20. In summary, the plaintiff moved the court and then unilaterally and without notice withdrew his application without obtaining either an order, a compromise or an undertaking from any of the defendants. In those circumstances the plaintiff has not achieved any result arising from the motion. To that extent it cannot be said that it was necessary for him to bring the motion to achieve the result. Accordingly, I refuse his application for costs against any of the defendants.

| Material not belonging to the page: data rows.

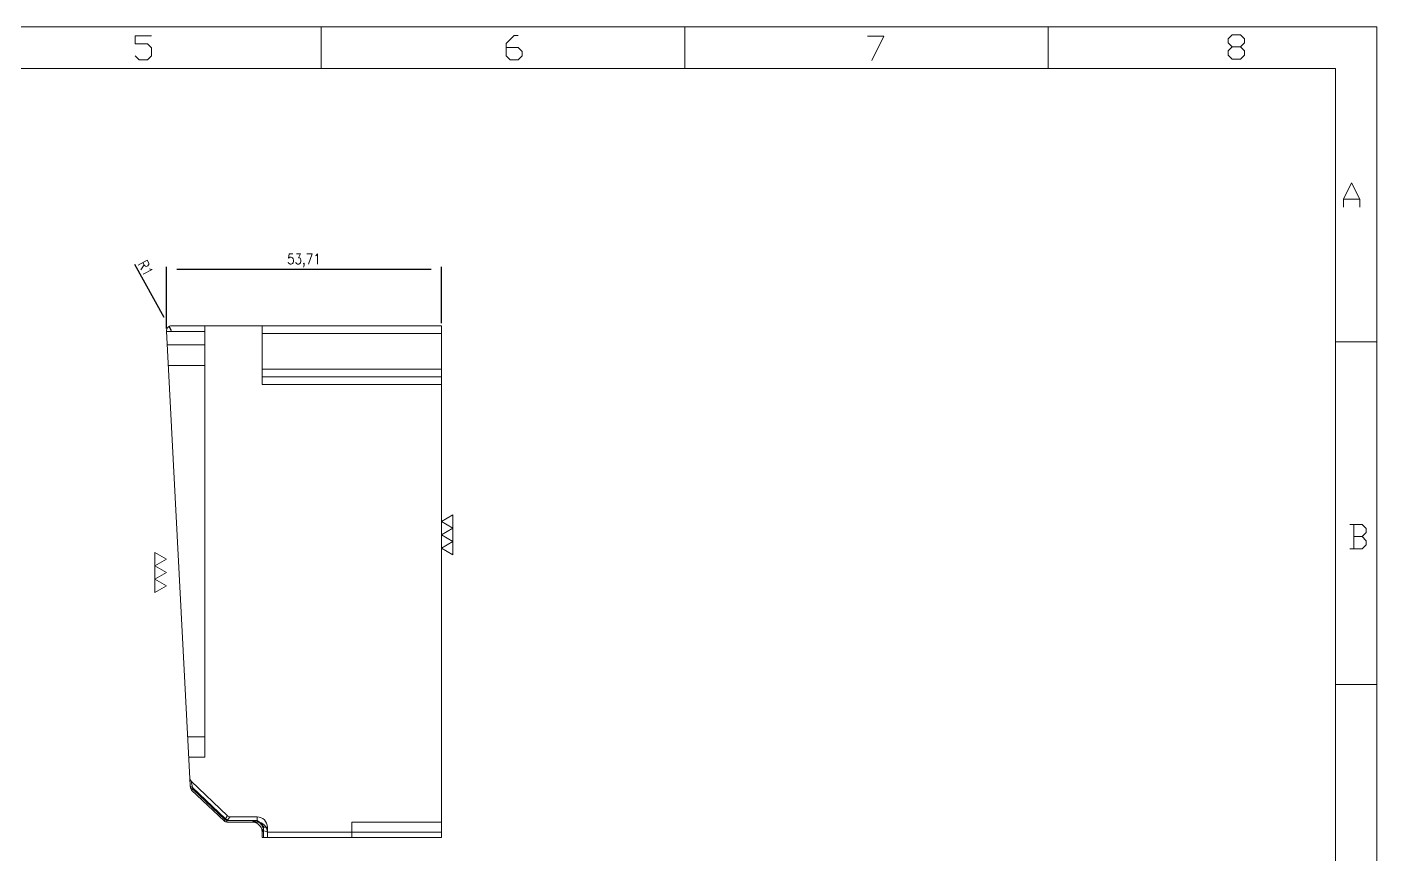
# Model space of a CAD drawing. Header units: millimetres. Extents: x 117382 to 126876, y -1151 to 1280.
# Drawn here: x 123424.2 to 123688, y 786 to 947.6 of the extents above; entities that cross this region are included whole.
import ezdxf
from ezdxf.enums import TextEntityAlignment as Align

# ---------------------------------------------------------------- set-up
doc = ezdxf.new("R2010")
doc.units = ezdxf.units.MM
doc.linetypes.add('DASHED', pattern=[0])
for name, color, linetype in [('DIE_P', 2, 'Continuous'), ('DIM', 4, 'Continuous'), ('PRESS', 3, 'Continuous')]:
    doc.layers.add(name, color=color, linetype=linetype)
doc.styles.add('GBENOR_', font='gbenor.shx', dxfattribs={"bigfont": 'gbcbig'})
doc.styles.get("Standard").update_dxf_attribs({"font": 'txt.shx', "width": 0.85, "bigfont": 'ctxt.shx'})
doc.styles.add('TXT', font='txt.shx', dxfattribs={"width": 0.8, "bigfont": 'ctxt.shx'})
doc.dimstyles.new('T-2-WX', dxfattribs={"dimtxt": 2, "dimasz": 2, "dimexe": 0.5, "dimexo": 0.5, "dimgap": 0.5, "dimtad": 1, "dimtxsty": 'Standard', "dimblk": 'OPEN30', "dimcen": 0, "dimazin": 3, "dimtfac": 1, "dimtmove": 0, "dimatfit": 3, "dimldrblk": 'OPEN30', "dimlwd": -1, "dimlwe": -1})

# ---------------------------------------------------------------- blocks, each defined once
blk = doc.blocks.new('*u7581')
at = {"layer": 'DIE_P', "color": 11, "linetype": 'Continuous', "lineweight": 13}
for p, q in [((-28.2, 53.52), (-10.49, 53.52)), ((-10.49, 53.52), (-10.49, 52.02)), ((24.51, 53.52), (-10.49, 53.52)), ((24.51, 53.52), (24.51, 52.02)), ((-10.49, 45.02), (-10.49, 52.02)), ((24.51, 45.02), (24.51, 52.02)), ((-10.49, 45.02), (-10.49, 43.52)), ((24.51, 43.52), (24.51, 45.02)), ((-10.49, 42.02), (-10.49, 43.52)), ((24.51, 43.52), (-10.49, 43.52)), ((24.51, 42.02), (24.51, 43.52)), ((24.51, -45.47), (24.51, 42.02)), ((24.51, -46.47), (-9.49, -46.47)), ((24.51, -46.47), (24.51, -45.47))]:
    blk.add_line(p, q, dxfattribs=at)
at = {"layer": 'DIE_P', "color": 31, "linetype": 'DASHED', "lineweight": 13}
for p, q in [((-21.69, 53.52), (-21.69, 52.39)), ((-21.69, 52.39), (-21.69, 49.77)), ((-29.06, 49.77), (-29.06, 49.77)), ((-21.69, 49.77), (-29.06, 49.77)), ((-21.69, 49.77), (-21.69, 45.77)), ((-21.69, 45.77), (-21.69, -26.8)), ((-21.69, -26.8), (-21.69, -30.8)), ((-21.69, -30.8), (-24.83, -30.8)), ((-24.83, -30.8), (-24.83, -30.8))]:
    blk.add_line(p, q, dxfattribs=at)
at = {"layer": 'DIE_P', "color": 2, "linetype": 'Continuous', "lineweight": 13}
for p, q in [((-24.62, -34.96), (-29.2, 52.47)), ((-24.54, -36.41), (-24.62, -34.96)), ((-24.52, -36.71), (-24.54, -36.41)), ((-17.25, -42.25), (-24.37, -35.5)), ((-17.94, -43.25), (-24.28, -37.25)), ((-12.49, -43.47), (-17.39, -43.47)), ((-11.49, -42.47), (-16.7, -42.47)), ((-12.48, -43.47), (-12.48, -43.47)), ((-9.49, -44.47), (-9.49, -45.47)), ((-10.49, -46.47), (-10.49, -45.47)), ((-10.21, -46.47), (-10.49, -46.47)), ((-9.49, -46.47), (-10.21, -46.47)), ((-9.49, -46.47), (-9.49, -45.47))]:
    blk.add_line(p, q, dxfattribs=at)
at = {"layer": 'DIE_P', "color": 155, "linetype": 'DASHED', "lineweight": 13}
for p, q in [((-21.69, 52.39), (-29.19, 52.39)), ((-21.69, 52.39), (-29.19, 52.39)), ((24.51, 52.02), (-10.49, 52.02)), ((-21.69, 45.77), (-28.85, 45.77)), ((-21.69, 45.77), (-28.85, 45.77)), ((24.51, 45.02), (-10.49, 45.02)), ((24.51, 42.02), (-10.49, 42.02)), ((-21.69, -26.8), (-25.04, -26.8)), ((-21.69, -26.8), (-25.04, -26.8)), ((-21.69, -30.8), (-24.83, -30.8)), ((-24.09, -36.75), (-24.37, -35.5)), ((-24.09, -36.75), (-17.65, -42.86)), ((-24.08, -37.04), (-24.09, -36.75)), ((-24.28, -37.25), (-24.08, -37.04)), ((-17.75, -43.05), (-24.08, -37.04)), ((-17.75, -43.05), (-17.94, -43.25)), ((-17.39, -43.47), (-17.39, -43.19)), ((-17.39, -43.19), (-11.49, -43.19)), ((-17.25, -42.25), (-17.26, -42.25)), ((-11.49, -42.47), (-11.49, -43.17)), ((-10.21, -44.47), (-10.21, -46.47)), ((-10.19, -44.47), (-9.49, -44.47)), ((-10.21, -46.47), (-10.21, -45.21)), ((-10.21, -45.21), (-10.21, -46.47)), ((24.51, -45.47), (-9.49, -45.47))]:
    blk.add_line(p, q, dxfattribs=at)
at = {"layer": 'DIE_P', "color": 155, "linetype": 'Continuous', "lineweight": 13}
for p, q in [((24.51, 52.02), (-10.49, 52.02)), ((24.51, 45.02), (-10.49, 45.02)), ((24.51, 42.02), (-10.49, 42.02)), ((-24.37, -35.5), (-24.09, -36.75)), ((-24.09, -36.75), (-24.08, -37.04)), ((-17.65, -42.86), (-24.09, -36.75)), ((-24.08, -37.04), (-24.28, -37.25)), ((-24.08, -37.04), (-17.75, -43.05)), ((-17.94, -43.25), (-17.75, -43.05)), ((-17.39, -43.19), (-17.39, -43.47)), ((-11.49, -43.19), (-17.39, -43.19)), ((-17.26, -42.25), (-17.25, -42.25)), ((-11.49, -43.17), (-11.49, -42.47)), ((-10.21, -46.47), (-10.21, -44.47)), ((-9.49, -44.47), (-10.19, -44.47)), ((24.51, -45.47), (-9.49, -45.47))]:
    blk.add_line(p, q, dxfattribs=at)
at = {"layer": 'DIE_P', "color": 2, "linetype": 'DASHED', "lineweight": 13}
for p, q in [((-16.7, -42.47), (-16.71, -42.47)), ((-11.49, -43.47), (-11.49, -43.47)), ((-10.24, -44.57), (-10.25, -44.56)), ((-10.2, -44.48), (-10.2, -44.48))]:
    blk.add_line(p, q, dxfattribs=at)
at = {"layer": 'DIE_P', "color": 11, "linetype": 'DASHED', "lineweight": 13}
for p, q in [((7.01, -46.47), (7.01, -43.47)), ((7.01, -43.47), (24.51, -43.47))]:
    blk.add_line(p, q, dxfattribs=at)
at = {"layer": 'DIE_P', "color": 11, "linetype": 'Continuous', "lineweight": 13}
blk.add_arc((-28.2, 52.52), 1, 90, 183, dxfattribs=at)
at = {"layer": 'DIE_P', "color": 2, "linetype": 'Continuous', "lineweight": 13}
for centre, radius, start, end in [((-23.82, -34.92), 0.8, 183, 226.5), ((-23.73, -36.67), 0.8, 183, 226.5), ((-17.39, -42.67), 0.8, 226.5, 270), ((-16.7, -41.67), 0.8, 226.5, 270), ((-11.49, -44.47), 2, 0, 90)]:
    blk.add_arc(centre, radius, start, end, dxfattribs=at)
at = {"layer": 'DIE_P', "color": 2, "linetype": 'DASHED', "lineweight": 13}
blk.add_arc((-11.49, -45.47), 2, 0, 90, dxfattribs=at)
at = {"layer": 'DIE_P', "color": 155, "linetype": 'DASHED', "lineweight": 13}
for centre, major_axis, ratio, start_param, end_param in [((-23.74, -36.37), (-0.799, -0.042), 0.500161, 0, 1.085736), ((-23.73, -36.67), (-0.799, -0.042), 0.500161, 0, 1.085736), ((-12.14, -44.85), (-5.63, 1.73), 0.390682, 6.161665, 6.251132), ((-17.39, -42.67), (-0.743, 0.297), 0.614755, 1.330437, 1.811466), ((-17.3, -42.49), (-0.66, 0.452), 0.638034, 1.46929, 1.983088), ((-11.78, -44.47), (-5.67, 1.14), 0.290363, 6.100492, 6.189959), ((-16.71, -41.67), (0, 0.8), 0.996138, 2.380442, 3.141593), ((-11.49, -44.47), (1.41, -1.41), 0.528042, 1.098822, 2.042771), ((-11.49, -45.47), (-2, 0), 0.173648, 3.141593, 4.014167), ((-11.49, -45.47), (-2, 0), 0.173648, 3.141593, 4.014167)]:
    blk.add_ellipse(centre, major_axis=major_axis, ratio=ratio, start_param=start_param, end_param=end_param, dxfattribs=at)
at = {"layer": 'DIE_P', "color": 155, "linetype": 'Continuous', "lineweight": 13}
for centre, major_axis, ratio, start_param, end_param in [((-23.74, -36.37), (0.799, 0.042), 0.500161, 3.141593, 4.227329), ((-23.73, -36.67), (0.799, 0.042), 0.500161, 3.141593, 4.227329), ((-12.14, -44.85), (-5.63, 1.73), 0.390686, 6.161664, 6.251131), ((-17.39, -42.67), (0.743, -0.297), 0.614755, 4.472029, 4.953059), ((-17.3, -42.49), (0.66, -0.452), 0.638034, 4.610883, 5.124681), ((-11.78, -44.47), (-5.67, 1.14), 0.290362, 6.100493, 6.18996), ((-16.71, -41.67), (0, -0.8), 0.996138, 5.522035, 6.283185), ((-11.49, -44.47), (-1.41, 1.41), 0.528042, 4.240414, 5.184364)]:
    blk.add_ellipse(centre, major_axis=major_axis, ratio=ratio, start_param=start_param, end_param=end_param, dxfattribs=at)
at = {"layer": 'DIE_P', "color": 155, "linetype": 'DASHED', "lineweight": 13}
for points, knots in [([(-17.26, -42.25), (-17.26, -42.25), (-17.27, -42.25), (-17.27, -42.26), (-17.28, -42.26), (-17.29, -42.27), (-17.3, -42.28), (-17.33, -42.31), (-17.34, -42.32), (-17.37, -42.36), (-17.38, -42.39), (-17.41, -42.44), (-17.43, -42.47), (-17.47, -42.54), (-17.49, -42.57), (-17.53, -42.65), (-17.55, -42.69), (-17.58, -42.75), (-17.6, -42.77), (-17.62, -42.82), (-17.64, -42.84), (-17.65, -42.86)], [0, 0, 0, 0, 0.0625, 0.0625, 0.125, 0.125, 0.25, 0.25, 0.375, 0.375, 0.5, 0.5, 0.625, 0.625, 0.75, 0.75, 0.875, 0.875, 0.9375, 0.9375, 1, 1, 1, 1]), ([(-17.3, -43.06), (-17.28, -43.04), (-17.26, -43.02), (-17.22, -42.97), (-17.2, -42.96), (-17.15, -42.9), (-17.11, -42.86), (-17.05, -42.79), (-17.02, -42.76), (-16.96, -42.69), (-16.94, -42.67), (-16.9, -42.63), (-16.9, -42.63), (-16.89, -42.61), (-16.87, -42.6), (-16.85, -42.58), (-16.82, -42.55), (-16.8, -42.53), (-16.77, -42.5), (-16.75, -42.49), (-16.74, -42.48), (-16.73, -42.48), (-16.72, -42.47), (-16.71, -42.47), (-16.71, -42.47)], [0, 0, 0, 0, 0.0625, 0.0625, 0.125, 0.125, 0.25, 0.25, 0.375, 0.375, 0.5, 0.5, 0.53125, 0.53125, 0.5625, 0.625, 0.625, 0.75, 0.75, 0.875, 0.875, 0.9375, 0.9375, 1, 1, 1, 1]), ([(-10.21, -45.21), (-10.22, -45.1), (-10.23, -44.99), (-10.28, -44.77), (-10.31, -44.66), (-10.38, -44.44), (-10.42, -44.34), (-10.52, -44.14), (-10.58, -44.05), (-10.7, -43.89), (-10.77, -43.81), (-10.9, -43.69), (-10.98, -43.63), (-11.12, -43.55), (-11.2, -43.52), (-11.35, -43.48), (-11.42, -43.47), (-11.49, -43.47)], [0, 0, 0, 0, 0.125406, 0.125406, 0.250811, 0.250811, 0.376217, 0.376217, 0.501622, 0.501622, 0.627028, 0.627028, 0.752434, 0.752434, 0.877839, 0.877839, 1, 1, 1, 1]), ([(-10.21, -45.21), (-10.22, -45.1), (-10.23, -44.99), (-10.28, -44.77), (-10.31, -44.66), (-10.38, -44.44), (-10.42, -44.34), (-10.52, -44.14), (-10.58, -44.05), (-10.7, -43.89), (-10.77, -43.81), (-10.9, -43.69), (-10.98, -43.63), (-11.12, -43.55), (-11.2, -43.52), (-11.35, -43.48), (-11.42, -43.47), (-11.49, -43.47)], [0, 0, 0, 0, 0.125406, 0.125406, 0.250811, 0.250811, 0.376217, 0.376217, 0.501622, 0.501622, 0.627028, 0.627028, 0.752434, 0.752434, 0.877839, 0.877839, 1, 1, 1, 1]), ([(-10.21, -45.21), (-10.21, -45.21), (-10.21, -45.21), (-10.22, -45.21), (-10.23, -45.22), (-10.24, -45.22), (-10.24, -45.22), (-10.25, -45.23), (-10.26, -45.23), (-10.27, -45.23), (-10.27, -45.24), (-10.28, -45.24), (-10.29, -45.24), (-10.3, -45.25), (-10.3, -45.25), (-10.31, -45.25), (-10.32, -45.26), (-10.32, -45.26), (-10.33, -45.27), (-10.34, -45.27), (-10.34, -45.27), (-10.35, -45.28), (-10.36, -45.28), (-10.36, -45.29), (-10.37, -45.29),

21. The defendants sought their costs from the plaintiff. At all stages they objected to the reliefs sought and they were required to resist the application in circumstances where the plaintiff was proceeding. They had attempted early in the proceedings to compromise matters in an open letter where the second and third named defendants offered to bear their own costs if the plaintiff discontinued his proceedings against them. He chose not to, as is his entitlement, but he did so at the risk that a costs order might be made against him. They were required to incur costs resisting his application. He withdrew his application without having achieved an order, a compromise or an undertaking or anything new that might be described as a result arising from bringing the motion. In those circumstances the opposing party is entitled to the costs of the motion which was not pursued and has not succeeded in any fashion against them.

22. The defendants are entitled to the costs of the motion seeking interlocutory injunctions against the plaintiff and I refuse the plaintiff his application for costs.